Author: ChunYuan Hsu
University of Michigan
Ann Arbor, MI, USA
[email protected]

I. LIFTING

Our work focuses on Infrastructure-as-Code (IaC) lifting, a process that converts existing cloud deployments (brownfield infrastructure) into declarative IaC programs such as Terraform. While IaC tools are well designed for forward deployment, lifting is inherently challenging due to the semantic gap between low-level cloud states and high-level IaC abstractions.

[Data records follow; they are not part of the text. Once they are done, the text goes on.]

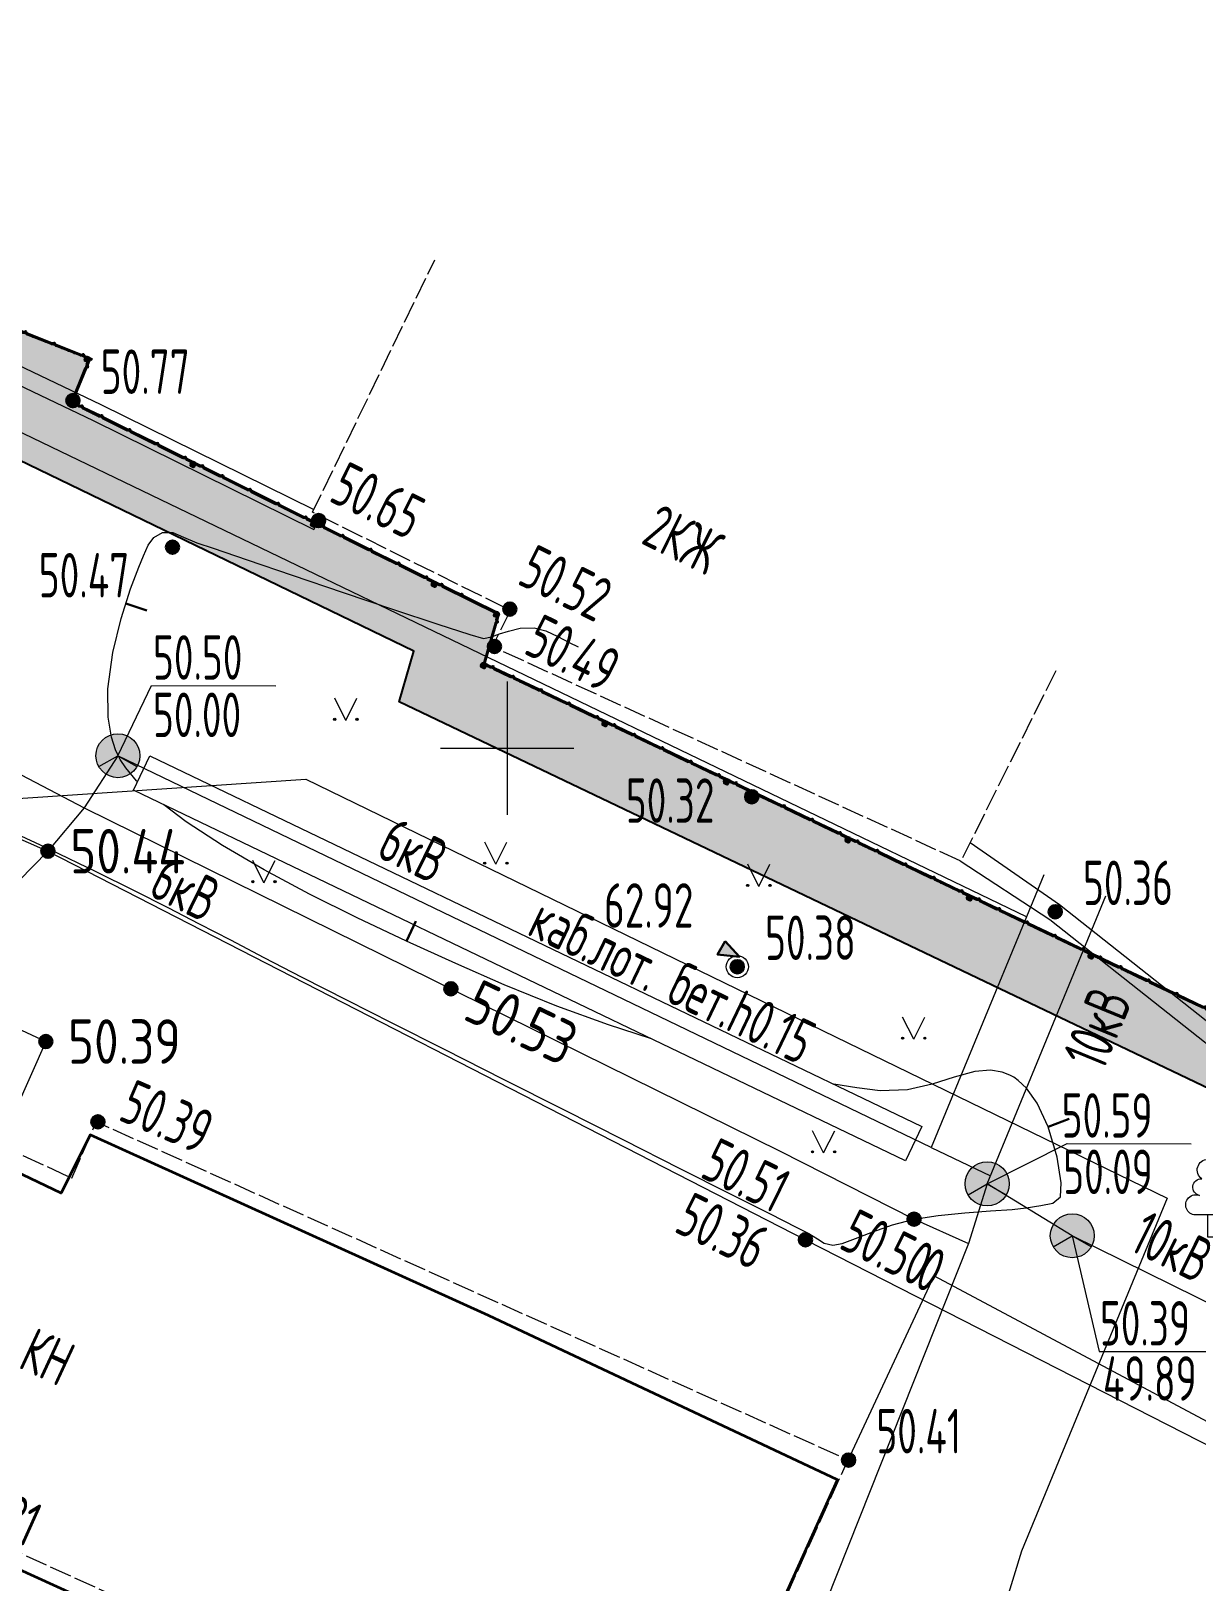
# Model space of a CAD drawing. Extents: x 1098675 to 1099684, y 381052 to 381453.
# Drawn here: x 1099389.28 to 1099415.52, y 381331.24 to 381366.13 of the extents above; entities that cross this region are included whole.
import ezdxf
from ezdxf.enums import TextEntityAlignment as Align

# ---------------------------------------------------------------- set-up
doc = ezdxf.new("R2010")
doc.units = 0
doc.header["$MEASUREMENT"] = 0
doc.linetypes.add('500_13', pattern=[1, 1, 0])
doc.linetypes.add('Территория ПС Мелитопольская$0$GOST2.303 5', pattern=[24, 20, -1.5, 1, -1.5])
doc.layers.get('0').update_dxf_attribs({"linetype": 'CONTINUOUS', "lineweight": 0})
for name, color, linetype, lineweight in [('Съемка', 253, 'CONTINUOUS', 20), ('Территория ПС Мелитопольская$0$0.2 Внешнее ограждение', 5, 'CONTINUOUS', 40), ('Тропа обхода предв.', 7, 'CONTINUOUS', 0)]:
    doc.layers.add(name, color=color, linetype=linetype, lineweight=lineweight)
for name, color, linetype in [('Территория ПС Мелитопольская$0$0.1 Здание и сооружение (сущ.)', 7, 'CONTINUOUS'), ('Территория ПС Мелитопольская$0$0.4 Тропа обхода', 8, 'CONTINUOUS'), ('Территория ПС Мелитопольская$0$3_Осевая', 3, 'Территория ПС Мелитопольская$0$GOST2.303 5'), ('Территория ПС Мелитопольская$0$5_Заштрих', 6, 'CONTINUOUS')]:
    doc.layers.add(name, color=color, linetype=linetype)
doc.styles.add('txt', font='GOST2304A.ttf')
doc.styles.add('ГОСТ', font='GOST2304A.ttf', dxfattribs={"height": 2.5})
doc.styles.add('Территория ПС Мелитопольская$0$Standard', font='GOST2304A.ttf')
doc.linetypes.add('g5_119_1', pattern='A,4,-1,[31,GUGK_2005.shx,S=0.1,R=0,X=0,Y=0],0.35,[31,GUGK_2005.shx,S=0.08,R=0,X=0,Y=0],3.3,[31,GUGK_2005.shx,S=0.08,R=180,X=0,Y=0],0.35,[31,GUGK_2005.shx,S=0.1,R=180,X=0,Y=0],-1', length=10)
doc.linetypes.add('ЗАБ ЖБ^1^', pattern='A,4,["|",txt,S=0.8,R=0,X=0,Y=0],4', length=8)

# ---------------------------------------------------------------- blocks, each defined once
blk = doc.blocks.new('*U75')
at = {"layer": 'Территория ПС Мелитопольская$0$5_Заштрих'}
h = blk.add_hatch(dxfattribs=at)
h.set_pattern_fill('ANSI31', color=256)
h.set_pattern_definition([(45, (-3717.2358, -503.4625), (-2.245064, 2.245064), [])])
edge = h.paths.add_edge_path()
edge.add_line((-40, 34), (-40, -34))
edge.add_arc((-34, -34), 6, 180, 270)
edge.add_line((-34, -40), (34, -40))
edge.add_arc((34, -34), 6, 270, 360)
edge.add_line((40, -34), (40, 34))
edge.add_arc((34, 34), 6, 0, 90)
edge.add_line((34, 40), (-34, 40))
edge.add_arc((-34, 34), 6, 90, 180)
edge = h.paths.add_edge_path(flags=16)
edge.add_line((-37, 34), (-37, -34))
edge.add_arc((-34, -34), 3, 180, 270)
edge.add_line((-34, -37), (34, -37))
edge.add_arc((34, -34), 3, 270, 360)
edge.add_line((37, -34), (37, 34))
edge.add_arc((34, 34), 3, 360, 450)
edge.add_line((34, 37), (-34, 37))
edge.add_arc((-34, 34), 3, 90, 180)
for points in [[(34, 40), (-34, 40, 0.414214), (-40, 34), (-40, -34, 0.414214), (-34, -40), (34, -40, 0.414214), (40, -34), (40, 34, 0.414214)], [(34, 37), (-34, 37, 0.414214), (-37, 34), (-37, -34, 0.414214), (-34, -37), (34, -37, 0.414214), (37, -34), (37, 34, 0.414214)]]:
    blk.add_lwpolyline(points, format="xyb", close=True)
at = {"layer": 'Территория ПС Мелитопольская$0$3_Осевая'}
for p, q in [((-80, 0), (80, 0)), ((0, -80), (0, 80))]:
    blk.add_line(p, q, dxfattribs=at)
at = {"style": 'Территория ПС Мелитопольская$0$Standard', "flags": 9}
for tag, p in [('НАИМЕНОВАНИЕ', (71, -97)), ('ЕД.ИЗМ', (71, -177))]:
    blk.add_attdef(tag, p, '', height=50, dxfattribs=at)
blk = doc.blocks.new('*U52')
for p, q in [((-351, -969), (-67, -193)), ((-62, -195), (-346, -970)), ((-64, -189), (-26, -167)), ((-24, -171), (-61, -194)), ((-40, -118), (0, -10)), ((-25, -164), (-40, -123)), ((5, -12), (-35, -120)), ((-35, -121), (-20, -163)), ((0, -10), (5, -12)), ((-351, -969), (-346, -970))]:
    blk.add_line(p, q)
blk.add_circle((-27, -165), 2.5)
for centre, radius, start, end in [((-60, -196), 7.5, 120.4223, 159.9083), ((-60, -196), 2.5, 120.4223, 159.9083), ((-32, -121), 7.5, 159.9083, 199.3943), ((-32, -121), 2.5, 159.9083, 199.3943), ((-27, -165), 7.5, 300.4223, 19.3943)]:
    blk.add_arc(centre, radius, start, end)
at = {"xscale": -1, "rotation": 69.90827613392216}
blk.add_blockref('*U75', (-38, 4), dxfattribs=at)
blk = doc.blocks.new('Территория ПС Мелитопольская$0$Панель_Н3030_150_сбоку')
for p, q in [((5, 0), (10, 0)), ((5, 0), (5, -185)), ((10, 0), (10, -185)), ((5, -265), (5, -885)), ((7, -190), (34, -223)), ((34, -227), (7, -260)), ((10, -265), (10, -885)), ((38, -220), (11, -187)), ((11, -263), (38, -230)), ((5, -965), (5, -1585)), ((7, -890), (34, -923)), ((34, -927), (7, -960)), ((10, -965), (10, -1585)), ((38, -920), (11, -887)), ((11, -963), (38, -930)), ((5, -1665), (5, -2285)), ((7, -1590), (34, -1623)), ((34, -1627), (7, -1660)), ((10, -1665), (10, -2285)), ((38, -1620), (11, -1587)), ((11, -1663), (38, -1630)), ((5, -2365), (5, -2785)), ((7, -2290), (34, -2323)), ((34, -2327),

In this project, we study practical IaC lifting by mapping cloud-provider-specific JSON representations to Terraform resource blocks, attributes, and dependencies, with a primary emphasis on Azure infrastructure. We systematically analyze lifting challenges including non-1:1 resource mappings, nested resources, missing or redundant JSON fields, implicit dependencies, and attribute normalization.

Using extensive real-world examples—such as virtual machines, DNS, CDN, Kubernetes, and AI services—we categorize lifting scenarios into distinct structural cases. Both cloud states and Terraform configurations are modeled as graphs, where nodes represent resources and edges represent dependencies or references. Based on these graph representations, we derive mapping rules that translate cloud nodes and edges into Terraform resource blocks and inter-resource references.

Our lifting workflow incrementally improves output quality through multiple stages, including brute-force generation, documentation-guided refinement, forward learning of mapping rules from deployments, and program-level refactoring. Validation is performed using Terraform-native commands such as init, validate, and plan. Overall, this work emphasizes engineering feasibility, detailed case analysis, and rule extraction grounded in observed cloud behavior.

II. LILAC

Lilac is an existing research project that also targets the IaC lifting problem, aiming to build an automated, cloud-agnostic, and correctness-aware lifting system. Unlike ad-hoc or rule-based tools, Lilac seeks to generalize lifting across cloud providers by learning reusable lifting rules from forward IaC deployments.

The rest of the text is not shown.